The subject is pretty straightforward : Recode a (limited version) POSIX Shell in C.

The scope is fully 'functionnal' as we were not required to code any graphic interface (opening a new window, etc) but 'only' interpret and execute the instruction(s) given in the prompt line ➜ Minishe·elle . The ./minishell program is able to run most of the basic instructions a shell can handle, such as echo, ls, cat, cd, mkdir... and even run other executable such as previous 42 projects (think push_swap, fdf, etc). A set of basic commands also have to be recoded inside our program, to be able to run basic instructions even when ./minishell is launched without any environment variables (but we'll get on that later on). If you have any questions - shoot us an email or ping us on Discord, we'll be happy to help!

Wonderwomen

Minishell is the first group project (within the common core curriculum of 42), which has to be done in pairs. The point of working on a group project is to emulate real life work - where we'll have to work on projects with bigger scopes and review code or get our own code reviewed. Which is why, when working with one or several persons, knowing exactly each other's scope is key to avoid any overlapping or redundancy. Another key learning point was the use of git (branching, merging, etc). By the way, the first thing we did was a git crash course.

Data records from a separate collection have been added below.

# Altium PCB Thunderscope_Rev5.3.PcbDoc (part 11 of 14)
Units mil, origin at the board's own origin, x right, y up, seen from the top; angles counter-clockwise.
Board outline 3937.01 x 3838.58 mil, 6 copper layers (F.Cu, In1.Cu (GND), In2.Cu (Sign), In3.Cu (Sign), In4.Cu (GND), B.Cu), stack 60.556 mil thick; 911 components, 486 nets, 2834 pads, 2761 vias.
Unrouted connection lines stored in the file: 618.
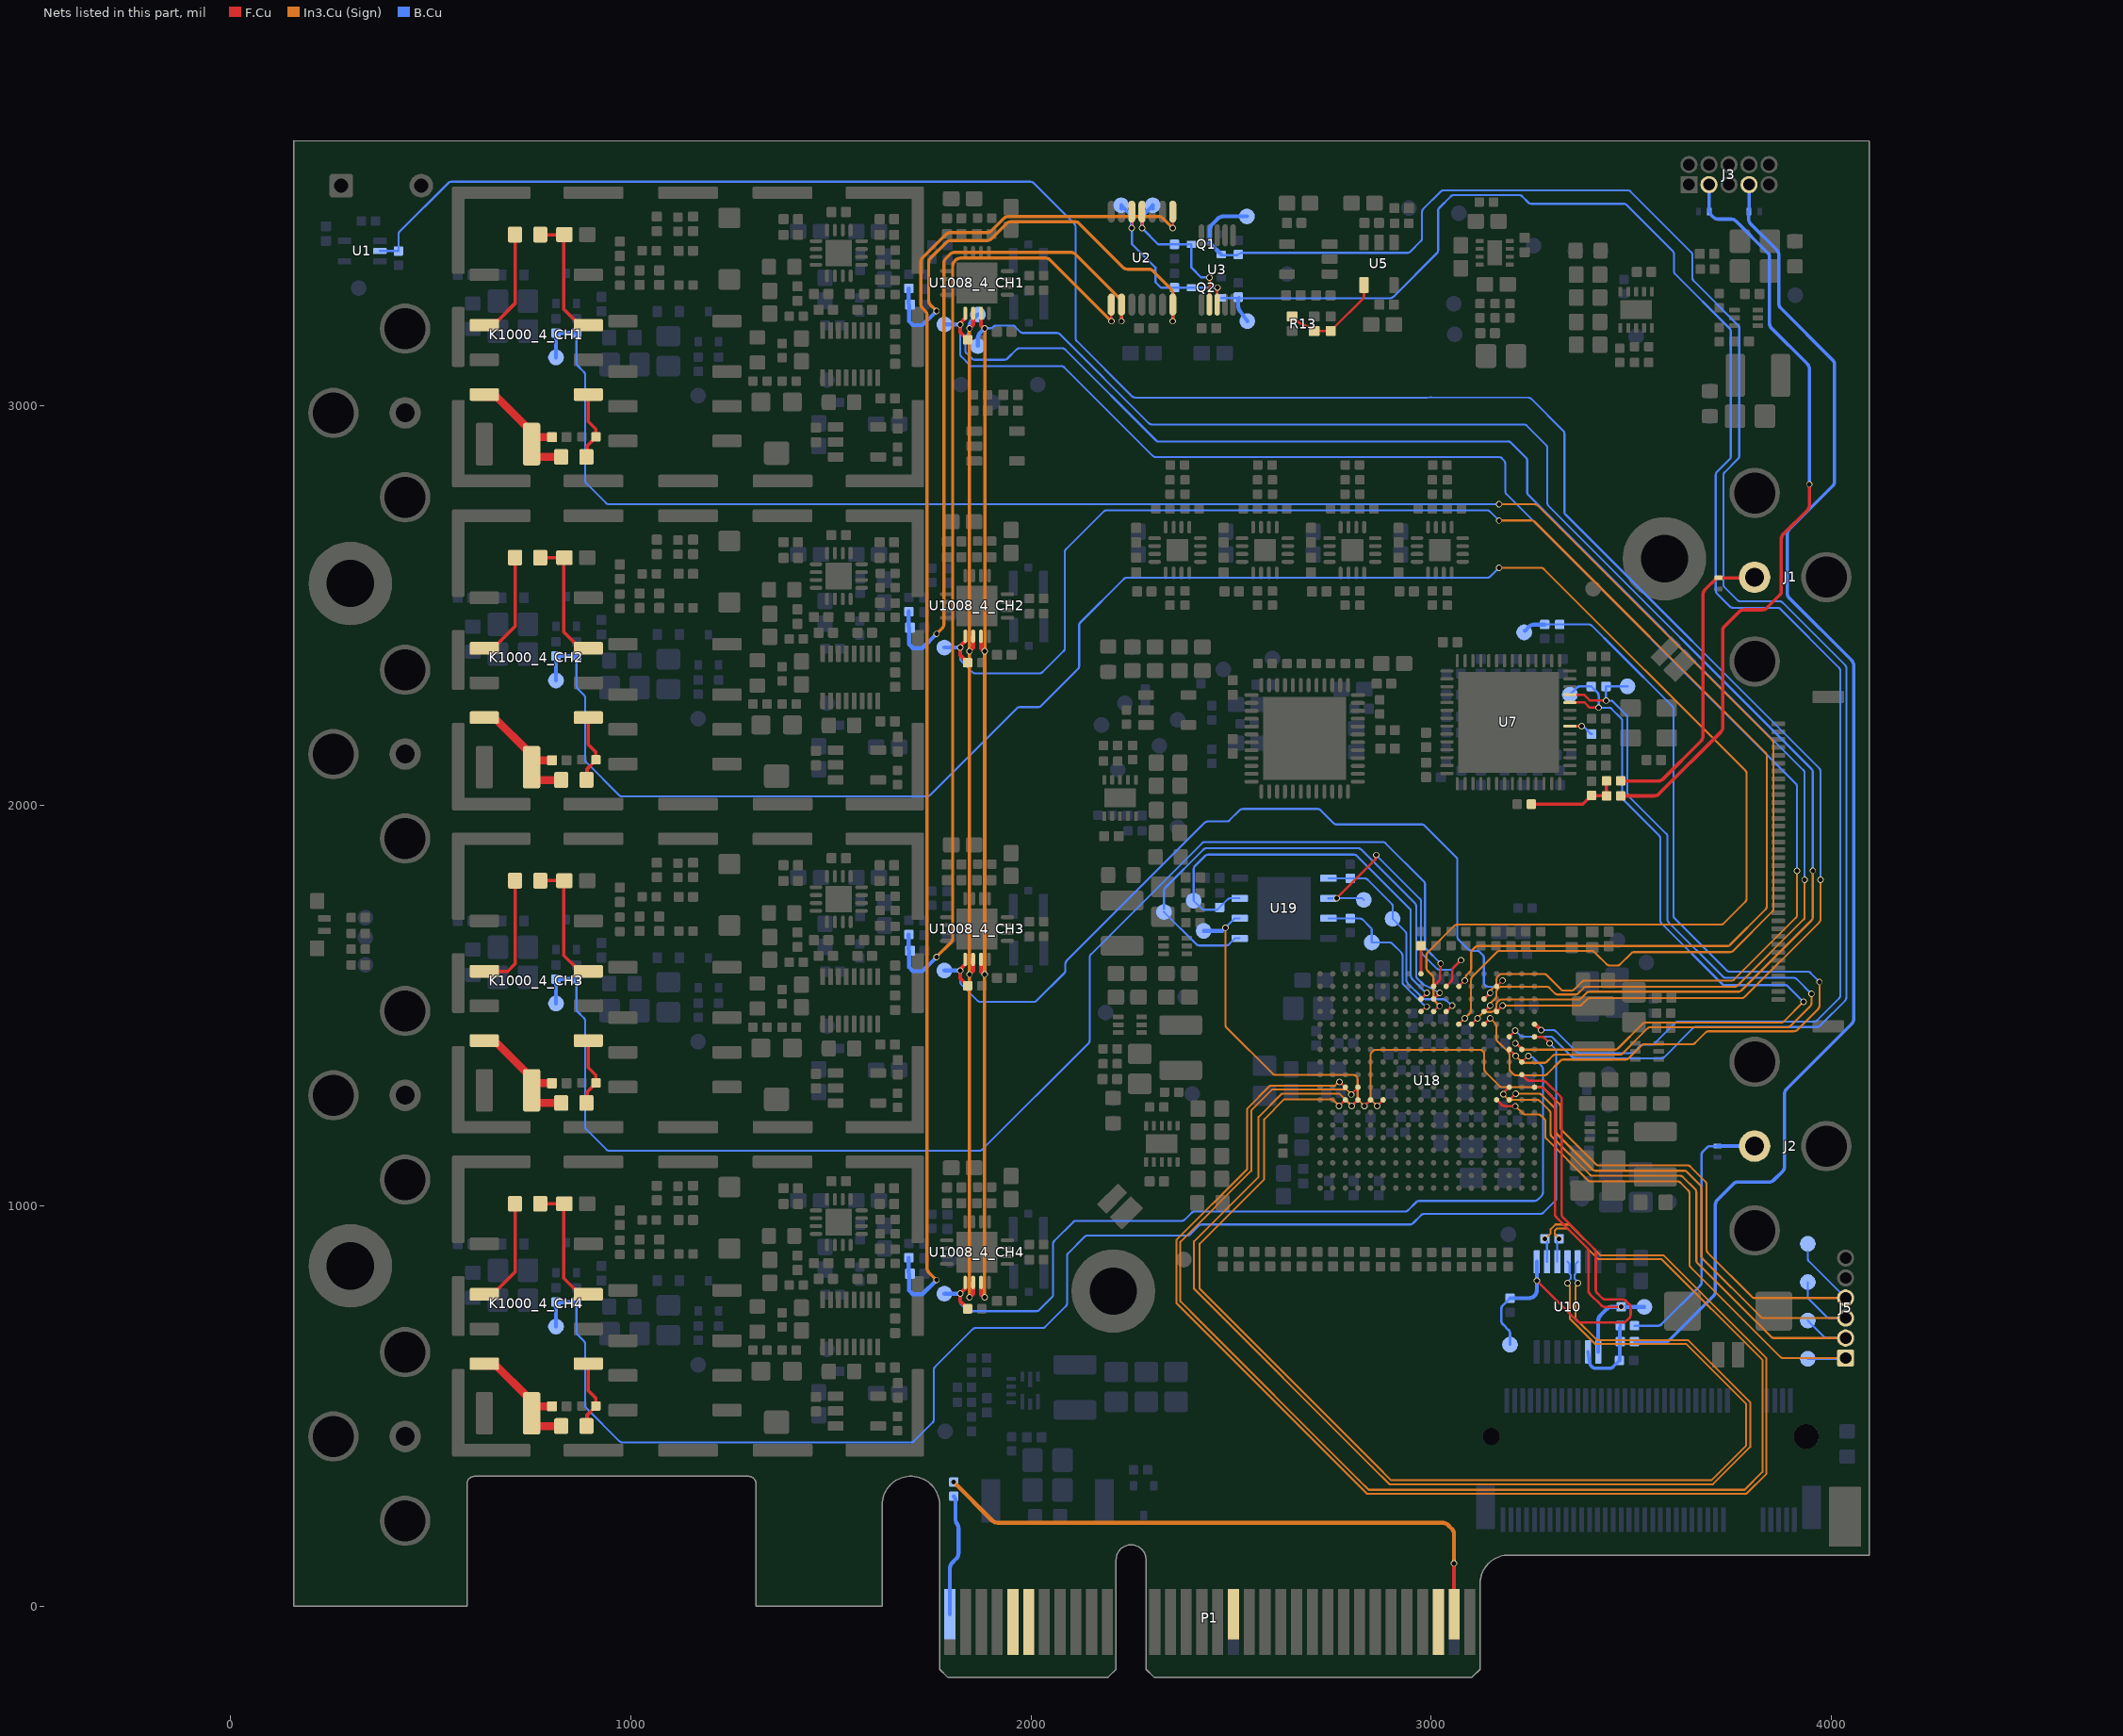
[diagram p14: the nets of this part, all layers, seen from the top]

## Via types
v1: diameter 16, hole 11.81, F.Cu to B.Cu, tented both sides, 2761 vias

## Nets (pads, with @x,y where several pads share a name; then routed paths per layer and width w, separated by ;. In a path a pad name is that pad's centre, name@x,y a point inside that pad or via, vN(x,y) a via of type N, cw(c..) or ccw(c..) an arc to the next point about the centre after c; other vN are vias at no path point) (continued)
PGA_CSn_1: R1033_4_CH1.2 TP1016_4_CH1.1 U18.P16 U1008_4_CH1.9 | length 4013.3
  F.Cu w6: U18.P16@3132.08,1517.14 v1(3147.05,1532.12)
  F.Cu w9.84: v1(1822.83,3202.36) 1824.01,3203.54 1824.01,3206.89 1835.63,3218.5 U1008_4_CH1.9@1835.63,3230.32
  F.Cu w10: v1(1822.83,3202.36) 1822.83,3183.07 R1033_4_CH1.2@1841.53,3164.37
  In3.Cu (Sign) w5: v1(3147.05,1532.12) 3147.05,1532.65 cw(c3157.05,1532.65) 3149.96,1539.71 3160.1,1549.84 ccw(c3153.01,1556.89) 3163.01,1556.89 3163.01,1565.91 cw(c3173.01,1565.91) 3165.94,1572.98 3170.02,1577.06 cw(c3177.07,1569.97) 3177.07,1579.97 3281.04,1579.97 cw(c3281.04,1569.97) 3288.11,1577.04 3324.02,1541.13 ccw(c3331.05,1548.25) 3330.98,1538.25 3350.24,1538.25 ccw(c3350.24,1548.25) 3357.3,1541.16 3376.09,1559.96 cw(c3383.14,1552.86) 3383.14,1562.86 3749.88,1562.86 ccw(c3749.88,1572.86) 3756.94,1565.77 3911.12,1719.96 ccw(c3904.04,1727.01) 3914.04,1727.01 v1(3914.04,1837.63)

I was very happy Tiffany asked me to become her Minishell mate! We were lucky enough to be coding in a very similar way so working together and reviewing eachother's code was a breeze! Our respective professionnal experience was also an asset for us as we apprehended this big piece of a project from a macro perspective first. And on a more personnal level - we became really good friends. So thank you Tiffany !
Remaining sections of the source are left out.